Data extracted from a collection
== Segment start ==

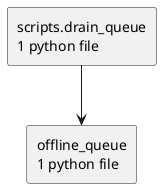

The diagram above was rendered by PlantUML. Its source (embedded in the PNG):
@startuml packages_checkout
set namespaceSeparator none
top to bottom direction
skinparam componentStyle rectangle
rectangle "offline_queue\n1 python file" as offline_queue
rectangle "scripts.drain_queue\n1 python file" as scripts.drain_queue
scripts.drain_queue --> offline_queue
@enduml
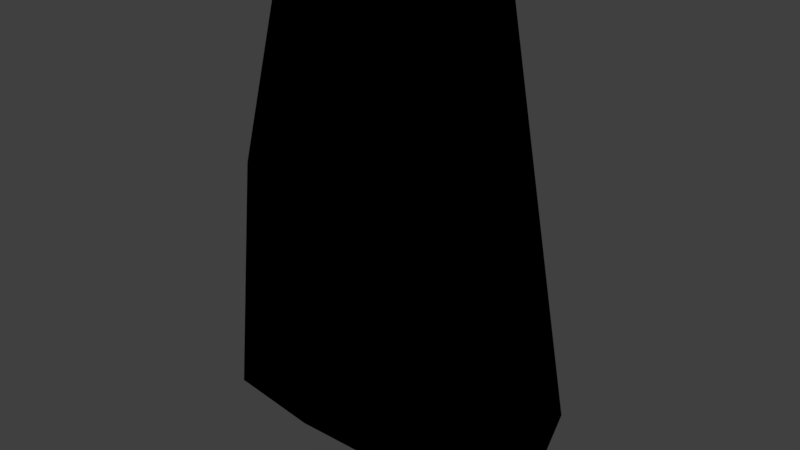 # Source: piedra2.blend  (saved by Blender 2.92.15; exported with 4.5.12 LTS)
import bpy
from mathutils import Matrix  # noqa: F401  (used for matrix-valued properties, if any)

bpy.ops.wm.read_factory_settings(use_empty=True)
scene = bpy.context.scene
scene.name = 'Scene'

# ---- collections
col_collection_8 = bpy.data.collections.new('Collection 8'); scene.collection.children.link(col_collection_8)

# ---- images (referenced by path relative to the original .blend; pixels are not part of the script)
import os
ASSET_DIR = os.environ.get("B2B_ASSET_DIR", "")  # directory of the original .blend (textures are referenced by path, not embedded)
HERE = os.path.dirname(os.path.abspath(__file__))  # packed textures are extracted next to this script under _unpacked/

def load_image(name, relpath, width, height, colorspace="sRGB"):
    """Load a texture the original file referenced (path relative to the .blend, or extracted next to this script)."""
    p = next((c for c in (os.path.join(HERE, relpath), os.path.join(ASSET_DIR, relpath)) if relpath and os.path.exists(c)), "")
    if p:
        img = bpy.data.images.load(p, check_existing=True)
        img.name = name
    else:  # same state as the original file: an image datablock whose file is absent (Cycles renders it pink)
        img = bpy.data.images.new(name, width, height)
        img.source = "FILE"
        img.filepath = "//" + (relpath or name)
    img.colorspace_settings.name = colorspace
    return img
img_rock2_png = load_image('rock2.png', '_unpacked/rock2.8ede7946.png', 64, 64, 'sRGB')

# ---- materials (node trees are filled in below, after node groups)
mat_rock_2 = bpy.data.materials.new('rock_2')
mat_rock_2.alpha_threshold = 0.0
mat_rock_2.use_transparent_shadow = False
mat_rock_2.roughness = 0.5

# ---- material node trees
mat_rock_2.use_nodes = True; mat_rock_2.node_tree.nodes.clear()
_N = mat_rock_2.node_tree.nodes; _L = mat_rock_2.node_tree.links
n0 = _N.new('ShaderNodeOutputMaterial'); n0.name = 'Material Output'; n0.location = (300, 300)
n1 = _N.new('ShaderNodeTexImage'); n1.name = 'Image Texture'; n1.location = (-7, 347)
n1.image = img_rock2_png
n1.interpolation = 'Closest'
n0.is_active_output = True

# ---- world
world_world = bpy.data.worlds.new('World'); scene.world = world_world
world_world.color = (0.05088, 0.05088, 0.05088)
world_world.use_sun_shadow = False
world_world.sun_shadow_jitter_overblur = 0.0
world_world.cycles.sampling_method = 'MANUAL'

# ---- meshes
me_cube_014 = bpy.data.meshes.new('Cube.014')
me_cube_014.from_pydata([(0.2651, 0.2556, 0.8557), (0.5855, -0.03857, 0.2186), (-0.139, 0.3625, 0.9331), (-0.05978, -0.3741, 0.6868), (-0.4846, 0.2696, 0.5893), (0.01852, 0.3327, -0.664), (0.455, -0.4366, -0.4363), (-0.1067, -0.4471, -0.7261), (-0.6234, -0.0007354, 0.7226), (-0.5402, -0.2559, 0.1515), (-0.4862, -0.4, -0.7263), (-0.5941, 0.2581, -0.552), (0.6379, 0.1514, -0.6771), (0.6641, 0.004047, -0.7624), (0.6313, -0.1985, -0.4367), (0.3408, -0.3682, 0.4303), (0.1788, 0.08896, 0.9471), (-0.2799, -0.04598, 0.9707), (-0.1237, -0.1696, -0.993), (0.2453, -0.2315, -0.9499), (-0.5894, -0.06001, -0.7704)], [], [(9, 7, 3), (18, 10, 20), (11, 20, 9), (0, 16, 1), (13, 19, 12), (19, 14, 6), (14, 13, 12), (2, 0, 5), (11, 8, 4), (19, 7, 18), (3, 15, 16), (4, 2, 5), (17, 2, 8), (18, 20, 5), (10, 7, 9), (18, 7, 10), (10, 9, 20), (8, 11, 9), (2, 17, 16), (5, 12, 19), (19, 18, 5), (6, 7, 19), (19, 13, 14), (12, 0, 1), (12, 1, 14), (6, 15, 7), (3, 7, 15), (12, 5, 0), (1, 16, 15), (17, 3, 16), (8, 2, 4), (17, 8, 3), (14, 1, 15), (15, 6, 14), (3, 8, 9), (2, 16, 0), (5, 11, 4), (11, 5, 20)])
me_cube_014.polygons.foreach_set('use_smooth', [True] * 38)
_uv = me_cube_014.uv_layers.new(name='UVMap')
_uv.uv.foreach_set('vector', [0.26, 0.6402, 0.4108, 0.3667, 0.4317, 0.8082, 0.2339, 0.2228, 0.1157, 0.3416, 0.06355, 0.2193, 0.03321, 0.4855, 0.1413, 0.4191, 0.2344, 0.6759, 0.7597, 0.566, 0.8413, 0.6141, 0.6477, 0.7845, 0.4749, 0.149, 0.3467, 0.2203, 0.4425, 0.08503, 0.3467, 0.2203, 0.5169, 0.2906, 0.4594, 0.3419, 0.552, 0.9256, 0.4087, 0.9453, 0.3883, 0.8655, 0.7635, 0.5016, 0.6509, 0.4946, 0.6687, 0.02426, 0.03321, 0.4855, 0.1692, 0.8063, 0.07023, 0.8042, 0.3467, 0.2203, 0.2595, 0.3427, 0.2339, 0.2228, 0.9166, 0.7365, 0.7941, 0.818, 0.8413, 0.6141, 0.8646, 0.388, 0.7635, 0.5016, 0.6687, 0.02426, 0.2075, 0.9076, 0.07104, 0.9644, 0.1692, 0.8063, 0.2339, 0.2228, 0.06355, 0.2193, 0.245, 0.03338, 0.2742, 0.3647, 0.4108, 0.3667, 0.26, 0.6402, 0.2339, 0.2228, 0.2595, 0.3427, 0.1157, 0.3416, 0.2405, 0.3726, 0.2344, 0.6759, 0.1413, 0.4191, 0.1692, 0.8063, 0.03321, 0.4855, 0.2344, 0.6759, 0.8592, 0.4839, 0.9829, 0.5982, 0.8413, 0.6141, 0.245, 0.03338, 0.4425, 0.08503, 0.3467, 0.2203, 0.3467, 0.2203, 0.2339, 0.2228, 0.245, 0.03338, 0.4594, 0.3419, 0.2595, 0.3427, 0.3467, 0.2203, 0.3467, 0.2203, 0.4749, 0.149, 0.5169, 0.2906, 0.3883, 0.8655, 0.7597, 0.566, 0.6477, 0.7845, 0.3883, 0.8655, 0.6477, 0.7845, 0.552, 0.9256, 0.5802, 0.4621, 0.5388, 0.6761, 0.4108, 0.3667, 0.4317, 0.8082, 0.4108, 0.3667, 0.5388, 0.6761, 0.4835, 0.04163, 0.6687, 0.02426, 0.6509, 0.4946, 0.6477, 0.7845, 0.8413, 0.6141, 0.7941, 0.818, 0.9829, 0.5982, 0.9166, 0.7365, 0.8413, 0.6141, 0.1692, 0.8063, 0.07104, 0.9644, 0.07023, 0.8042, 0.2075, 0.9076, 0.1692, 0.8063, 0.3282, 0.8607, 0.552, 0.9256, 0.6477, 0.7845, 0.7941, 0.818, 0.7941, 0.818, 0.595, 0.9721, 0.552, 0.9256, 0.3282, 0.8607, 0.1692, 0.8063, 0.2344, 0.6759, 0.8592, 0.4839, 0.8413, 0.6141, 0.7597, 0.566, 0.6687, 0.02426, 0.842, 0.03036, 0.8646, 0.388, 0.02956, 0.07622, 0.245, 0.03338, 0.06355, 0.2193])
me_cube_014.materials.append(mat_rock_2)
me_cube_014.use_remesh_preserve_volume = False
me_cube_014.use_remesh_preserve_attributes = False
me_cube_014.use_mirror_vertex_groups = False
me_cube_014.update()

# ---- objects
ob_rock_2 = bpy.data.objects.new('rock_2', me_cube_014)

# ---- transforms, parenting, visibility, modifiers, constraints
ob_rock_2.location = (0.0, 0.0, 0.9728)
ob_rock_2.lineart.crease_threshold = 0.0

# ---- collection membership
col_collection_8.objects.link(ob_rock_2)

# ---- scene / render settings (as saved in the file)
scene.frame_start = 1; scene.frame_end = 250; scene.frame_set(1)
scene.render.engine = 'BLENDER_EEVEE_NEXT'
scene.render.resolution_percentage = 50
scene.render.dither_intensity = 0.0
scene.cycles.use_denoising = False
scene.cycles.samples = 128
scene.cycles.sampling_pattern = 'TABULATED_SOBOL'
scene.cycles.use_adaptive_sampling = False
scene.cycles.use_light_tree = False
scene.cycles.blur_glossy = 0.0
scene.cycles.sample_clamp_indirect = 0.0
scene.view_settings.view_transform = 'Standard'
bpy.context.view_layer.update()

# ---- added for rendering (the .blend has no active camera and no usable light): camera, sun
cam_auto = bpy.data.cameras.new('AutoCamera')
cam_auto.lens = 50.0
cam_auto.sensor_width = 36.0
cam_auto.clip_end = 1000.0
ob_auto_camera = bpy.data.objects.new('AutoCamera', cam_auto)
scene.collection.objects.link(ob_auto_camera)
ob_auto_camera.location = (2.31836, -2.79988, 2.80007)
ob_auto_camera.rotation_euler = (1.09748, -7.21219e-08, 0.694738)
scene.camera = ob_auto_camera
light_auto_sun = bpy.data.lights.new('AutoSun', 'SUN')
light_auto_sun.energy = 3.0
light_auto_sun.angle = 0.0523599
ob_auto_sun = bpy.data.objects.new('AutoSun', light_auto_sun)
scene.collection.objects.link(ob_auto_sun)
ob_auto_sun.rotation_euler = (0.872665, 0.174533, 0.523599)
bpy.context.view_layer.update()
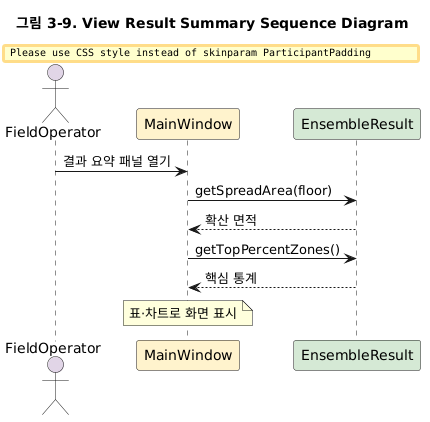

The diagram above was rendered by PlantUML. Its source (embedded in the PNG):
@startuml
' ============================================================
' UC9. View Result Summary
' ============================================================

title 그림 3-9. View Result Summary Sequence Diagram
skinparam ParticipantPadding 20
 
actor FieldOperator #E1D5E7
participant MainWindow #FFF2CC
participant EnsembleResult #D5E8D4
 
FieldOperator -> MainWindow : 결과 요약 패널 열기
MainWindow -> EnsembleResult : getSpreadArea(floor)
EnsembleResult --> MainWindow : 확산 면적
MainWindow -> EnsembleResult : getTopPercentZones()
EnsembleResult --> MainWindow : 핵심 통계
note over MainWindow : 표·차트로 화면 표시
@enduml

== Segment end ==

# YOUR TASK
Nothing but the lines from the first line of the records above to the line with "# Source: piedra2.blend", inclusive, should be transcribed exactly, and the pictures must be left out.

# RESULT FOR THIS TASK
The diagram above was rendered by PlantUML. Its source (embedded in the PNG):
@startuml packages_checkout
set namespaceSeparator none
top to bottom direction
skinparam componentStyle rectangle
rectangle "offline_queue\n1 python file" as offline_queue
rectangle "scripts.drain_queue\n1 python file" as scripts.drain_queue
scripts.drain_queue --> offline_queue
@enduml
 # Source: piedra2.blend  (saved by Blender 2.92.15; exported with 4.5.12 LTS)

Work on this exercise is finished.